The results show that when Alpha = Eps, the triangles with large side lengths can be better eliminated, and a reasonable contour of the tobacco field can be obtained.

Certainly, the initial tobacco field contours we obtain are based solely on the tobacco coordinate points. A proper tobacco field contour should extend further outward to encompass the space for tobacco to grow on the ground accurately. Therefore, for the purpose of calculating the actual area of the tobacco field more accurately and improving the accuracy of the tobacco field contour, we use the calculated plant spacing as the expansion length to expand the initial contour of the tobacco field, which can be suitable for the actual contour of the tobacco field, and obtain a more accurate tobacco field area. The initial contour of the tobacco field can be expanded in the following ways: in the contour sorted counterclockwise ($P_0\dots P_n)$ (Figure 8), assuming that there are edges $P_0{P}_1$, ${P_{1}P}_2$ in the initial contour, it is necessary to expand the point $P_1$ to the point $Q$ by using the average spacing $\overline{d}$, and $\alpha$ is taken as the angle between $\overrightarrow{v_1}$, $\overrightarrow{v_2}$. From Figure 8, we can get $\overrightarrow{P_{1}Q}=\overrightarrow{v_1}+\overrightarrow{v_2}$, so the coordinates of point Q can be obtained by calculating $\overrightarrow{v_1}$, $\overrightarrow{v_2}$. The modulus of $\overrightarrow{v_1}$, $\overrightarrow{v_2}$ is equal to the average plant spacing $\overline{d}$ divided by $\sin \alpha$ (Formula (7)). Then $\overrightarrow{v_1}$, $\overrightarrow{v_2}$ can be calculated by Formula (8) and (9), and $Q(x,y)$ = $\overrightarrow{v_1}+\overrightarrow{v_2}+P_1\left(x_1,y_1\right)$.

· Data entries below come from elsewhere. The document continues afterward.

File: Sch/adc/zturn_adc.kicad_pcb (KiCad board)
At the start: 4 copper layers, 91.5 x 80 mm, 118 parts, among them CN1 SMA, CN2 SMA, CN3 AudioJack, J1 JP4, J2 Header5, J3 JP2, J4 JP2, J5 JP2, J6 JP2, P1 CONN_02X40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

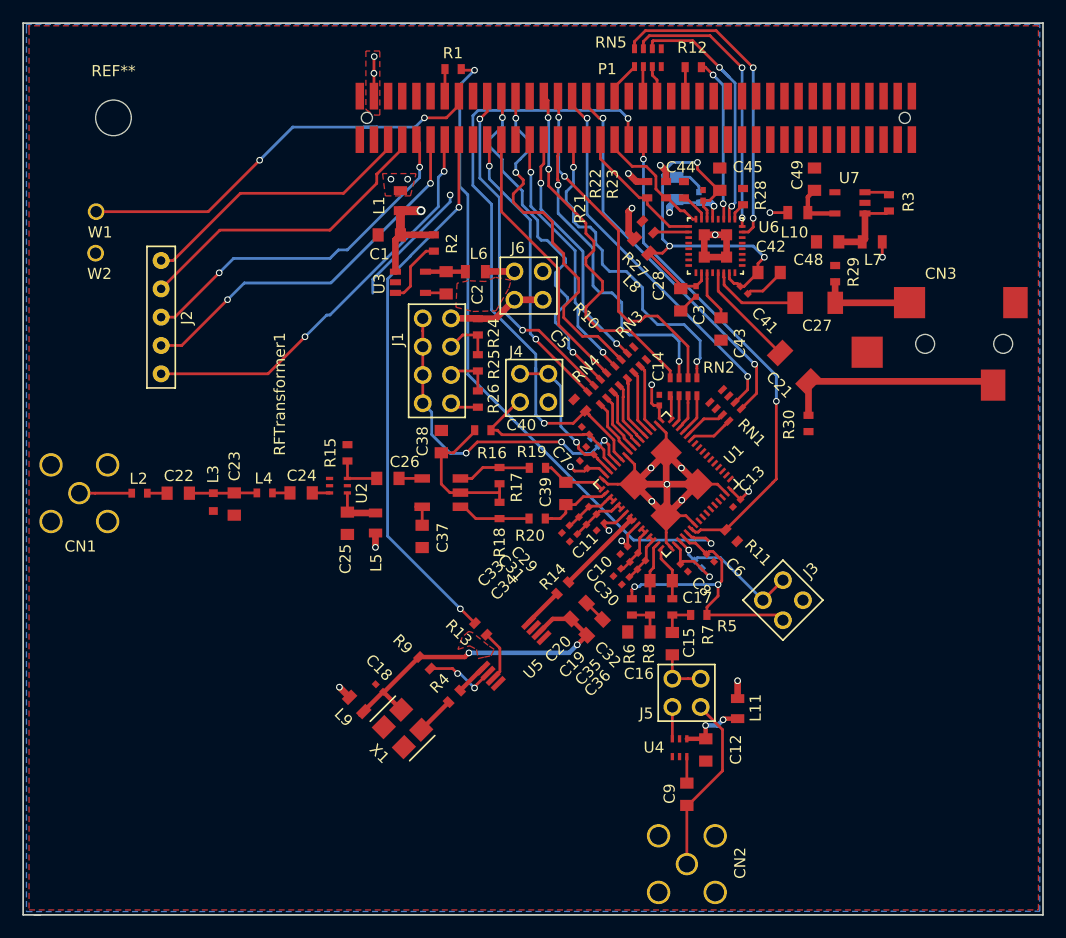
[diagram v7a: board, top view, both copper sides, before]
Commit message: Modify footprint to include 1-pin indicator. Routing almost done.
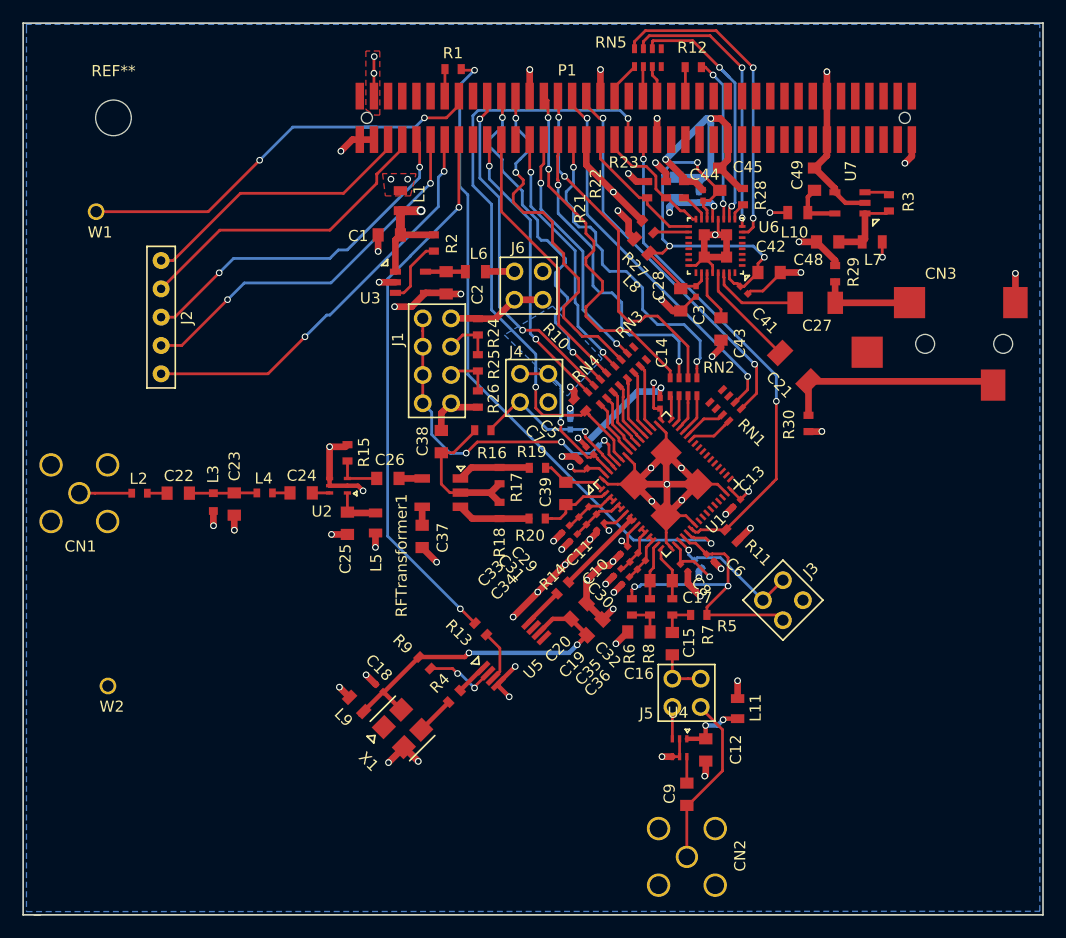
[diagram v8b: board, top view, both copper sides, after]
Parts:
- C40: moved to B.Cu
- moved W2 38.8 mm to (93.6, 114.5)
- moved C40 1.49 mm to (135.1, 91.0), turned to 90 degrees
- moved CN2 0.65 mm to (145.6, 129.8)
- moved C14 0.29 mm to (143.1, 89.1)
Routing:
- net GND: track 70.1 -> 237.6 mm, vias 6 -> 60
- net (no net): track 11.7 -> 0.00 mm, vias 1 -> 0
- net /RF_in/VCMA: track 16.6 -> 14.8 mm, vias 0 -> 1
- net /RF_in/VCMB: track 25.1 -> 26.8 mm
- net /CN/SHDNA: track 56.9 -> 55.9 mm
- net Net-(C9-Pad2): track 16.3 -> 15.6 mm
- net Net-(C37-Pad1): track 2.26 -> 1.66 mm
- removed copper zone on F.Cu, net GND

$$\left|\overrightarrow{v_1}\right|=\left|\overrightarrow{v_2}\right|=\overline{d}/\left(\frac{\overrightarrow{P_1{P}_0}\times \overrightarrow{P_1{P}_2}}{\left|\overrightarrow{P_1{P}_0}\right|\times \left|\overrightarrow{P_1{P}_2}\right|}\right)$$

(7)

$$\overrightarrow{v_1}=\frac{\left|\overrightarrow{v_1}\right|}{\left|\overrightarrow{P_1{P}_2}\right|}\times \overrightarrow{P_1{P}_2}$$

(8)

$$\overrightarrow{v_2}=\frac{\left|\overrightarrow{v_2}\right|}{\left|\overrightarrow{P_1{P}_0}\right|}\times \overrightarrow{P_1{P}_0},$$

(9)

If the points $P_0(x_0,y_0)$, $P_1(x_1,y_1)$ and $P_2(x_2,y_2)$ are co-linear, i.e., $\alpha$ is 0, then the coordinates of point $Q$ can be calculated from the slope of $P_1{P}_2$ and the pointing from $P_1$ to $P_2$. If the slope angle from $P_1$ to $P_2$ is set as $\theta \in \left(-\frac{\pi }{2},\frac{\pi }{2}\right)$, the slope as $k\in (-\mathrm{\infty },+\mathrm{\infty })$, the pointing from $P_1$ to $P_2$ can be denoted by $\left(x_2-x_1\right)$.Further, the point $Q\left(x,y\right)$ can be obtained from Formula (10). Note that k and $x_2-x_1$ will not both be 0 at the same time.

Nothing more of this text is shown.